Same commit. Only difference is that I need to set TOIL_GRIDENGINE_PE=smp which you might also want to try.
Looking at the difference between your log and mine, I think the problem is in getJobExitCode
.
Can you apply this patch (or make the change manually) and run again:
diff --git a/src/toil/batchSystems/gridengine.py b/src/toil/batchSystems/gridengine.py
index 02c2f39..6849c20 100644
--- a/src/toil/batchSystems/gridengine.py
+++ b/src/toil/batchSystems/gridengine.py
@@ -189,6 +189,7 @@ class Worker(Thread):
args = ["qacct", "-j", str(job)]
if task is not None:
args.extend(["-t", str(task)])
+ logger.debug("Running %r", args)
process = subprocess.Popen(args, stdout=subprocess.PIPE, stderr=subprocess.STDOUT)
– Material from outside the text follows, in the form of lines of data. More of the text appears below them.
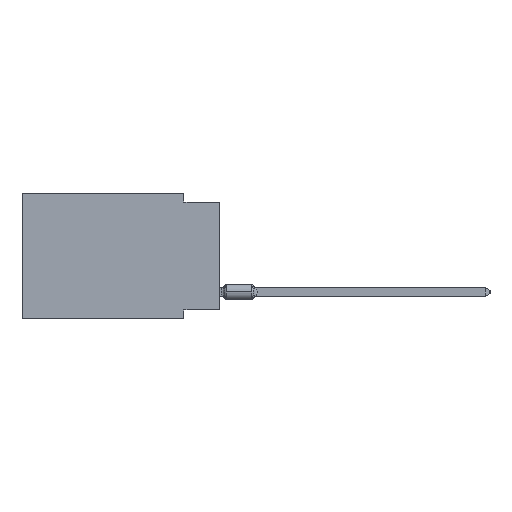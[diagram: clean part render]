
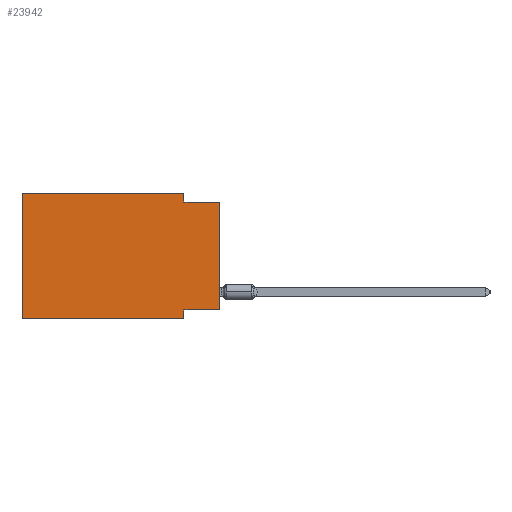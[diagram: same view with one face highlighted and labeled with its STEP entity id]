
A CAD part, left-side view. The second image highlights one B-rep face of the part: STEP entity #23942.
In plain terms, the highlighted planar face has unit normal (-1, 0, 0).
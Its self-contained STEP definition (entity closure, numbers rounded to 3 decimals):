
#266 = VECTOR ( 'NONE', #28137, 1000. ) ;
#1301 = LINE ( 'NONE', #7916, #59037 ) ;
#1313 = VERTEX_POINT ( 'NONE', #55292 ) ;
#3494 = VERTEX_POINT ( 'NONE', #62041 ) ;
#5033 = ORIENTED_EDGE ( 'NONE', *, *, #44496, .F. ) ;
#7227 = VERTEX_POINT ( 'NONE', #71318 ) ;
#7916 = CARTESIAN_POINT ( 'NONE',  ( 0., 2.54, 0. ) ) ;
#9947 = VECTOR ( 'NONE', #43122, 1000. ) ;
#10297 = LINE ( 'NONE', #45762, #68458 ) ;
#10377 = ORIENTED_EDGE ( 'NONE', *, *, #40959, .F. ) ;
#11733 = CARTESIAN_POINT ( 'NONE',  ( 0., 2.54, 0. ) ) ;
#14748 = CARTESIAN_POINT ( 'NONE',  ( 0., 0., -0.635 ) ) ;
#14814 = DIRECTION ( 'NONE',  ( 1., 0., 0. ) ) ;
#16858 = EDGE_CURVE ( 'NONE', #3494, #31877, #58769, .T. ) ;
#20195 = VECTOR ( 'NONE', #33586, 1000. ) ;
#22679 = VERTEX_POINT ( 'NONE', #45902 ) ;
#22828 = CARTESIAN_POINT ( 'NONE',  ( 0., 2.54, -8.89 ) ) ;
#22946 = DIRECTION ( 'NONE',  ( 0., 0., 1. ) ) ;
#23942 = ADVANCED_FACE ( 'NONE', ( #86703 ), #36566, .F. ) ;
#24032 = DIRECTION ( 'NONE',  ( 0., 0., 1. ) ) ;
#25777 = EDGE_CURVE ( 'NONE', #1313, #37102, #79366, .T. ) ;
#25895 = EDGE_CURVE ( 'NONE', #22679, #7227, #10297, .T. ) ;
#27589 = DIRECTION ( 'NONE',  ( 0., 0., -1. ) ) ;
#28137 = DIRECTION ( 'NONE',  ( 0., -1., 0. ) ) ;
#29235 = CARTESIAN_POINT ( 'NONE',  ( 0., 13.97, 0. ) ) ;
#29527 = ORIENTED_EDGE ( 'NONE', *, *, #48121, .F. ) ;
#30333 = CARTESIAN_POINT ( 'NONE',  ( 0., 2.54, -0.635 ) ) ;
#30569 = ORIENTED_EDGE ( 'NONE', *, *, #37594, .T. ) ;
#31877 = VERTEX_POINT ( 'NONE', #88221 ) ;
#33586 = DIRECTION ( 'NONE',  ( 0., 1., 0. ) ) ;
#36314 = ORIENTED_EDGE ( 'NONE', *, *, #25777, .F. ) ;
#36503 = LINE ( 'NONE', #14748, #9947 ) ;
#36566 = PLANE ( 'NONE',  #66699 ) ;
#37102 = VERTEX_POINT ( 'NONE', #11733 ) ;
#37260 = DIRECTION ( 'NONE',  ( 0., 0., -1. ) ) ;
#37361 = VECTOR ( 'NONE', #22946, 1000. ) ;
#37594 = EDGE_CURVE ( 'NONE', #45195, #31877, #41868, .T. ) ;
#38561 = VECTOR ( 'NONE', #51670, 1000. ) ;
#40256 = ORIENTED_EDGE ( 'NONE', *, *, #50647, .F. ) ;
#40830 = VERTEX_POINT ( 'NONE', #30333 ) ;
#40959 = EDGE_CURVE ( 'NONE', #22679, #3494, #76170, .T. ) ;
#41868 = LINE ( 'NONE', #93409, #266 ) ;
#43122 = DIRECTION ( 'NONE',  ( 0., -1., 0. ) ) ;
#43759 = CARTESIAN_POINT ( 'NONE',  ( 0., 13.97, 0. ) ) ;
#44496 = EDGE_CURVE ( 'NONE', #40830, #7227, #36503, .T. ) ;
#45195 = VERTEX_POINT ( 'NONE', #76985 ) ;
#45762 = CARTESIAN_POINT ( 'NONE',  ( 0., 0., 0. ) ) ;
#45902 = CARTESIAN_POINT ( 'NONE',  ( 0., 0., -8.255 ) ) ;
#48121 = EDGE_CURVE ( 'NONE', #45195, #1313, #79711, .T. ) ;
#50647 = EDGE_CURVE ( 'NONE', #37102, #40830, #1301, .T. ) ;
#51670 = DIRECTION ( 'NONE',  ( 0., 0., -1. ) ) ;
#55292 = CARTESIAN_POINT ( 'NONE',  ( 0., 13.97, 0. ) ) ;
#58078 = DIRECTION ( 'NONE',  ( 0., -1., 0. ) ) ;
#58769 = LINE ( 'NONE', #22828, #38561 ) ;
#59037 = VECTOR ( 'NONE', #37260, 1000. ) ;
#61965 = CARTESIAN_POINT ( 'NONE',  ( 0., 0., -8.255 ) ) ;
#62041 = CARTESIAN_POINT ( 'NONE',  ( 0., 2.54, -8.255 ) ) ;
#63903 = VECTOR ( 'NONE', #58078, 1000. ) ;
#66699 = AXIS2_PLACEMENT_3D ( 'NONE', #79138, #14814, #27589 ) ;
#68458 = VECTOR ( 'NONE', #24032, 1000. ) ;
#69872 = EDGE_LOOP ( 'NONE', ( #73133, #5033, #40256, #36314, #29527, #30569, #73112, #10377 ) ) ;
#71318 = CARTESIAN_POINT ( 'NONE',  ( 0., 0., -0.635 ) ) ;
#73112 = ORIENTED_EDGE ( 'NONE', *, *, #16858, .F. ) ;
#73133 = ORIENTED_EDGE ( 'NONE', *, *, #25895, .T. ) ;
#76170 = LINE ( 'NONE', #61965, #20195 ) ;
#76985 = CARTESIAN_POINT ( 'NONE',  ( 0., 13.97, -8.89 ) ) ;
#79138 = CARTESIAN_POINT ( 'NONE',  ( 0., 13.97, 0. ) ) ;
#79366 = LINE ( 'NONE', #29235, #63903 ) ;
#79711 = LINE ( 'NONE', #43759, #37361 ) ;
#86703 = FACE_OUTER_BOUND ( 'NONE', #69872, .T. ) ;
#88221 = CARTESIAN_POINT ( 'NONE',  ( 0., 2.54, -8.89 ) ) ;
#93409 = CARTESIAN_POINT ( 'NONE',  ( 0., 13.97, -8.89 ) ) ;

for line in process.stdout:
if line.startswith("failed") and int(line.split()[1]) == 1:
While HelloWorld.py
is hanging at the end, can you run the qacct
command line that the added debug statement prints out and post its output here?
Thank you very much for your input!
The problem was indeed related to qacct
. On our SGE, qacct
was not properly set up so that qacct -j 123
returned error: job id 123 not found
(even after the job finished).
With qacct
working correctly, Toil is running properly.
Thanks again!
Glad it works now.
I want to get that logging statement in permanently. Reopening for that reason.
Using the latest git version of Toil (last commit: dbbd4ed) with a gridengine batch system the HelloWorld pipeline runs, but does not terminate:
The last two lines get printed again and again. After ~15min, I killed the pipeline.
Do you have any idea what the problem might be?
Thank you very much for you help and the great work!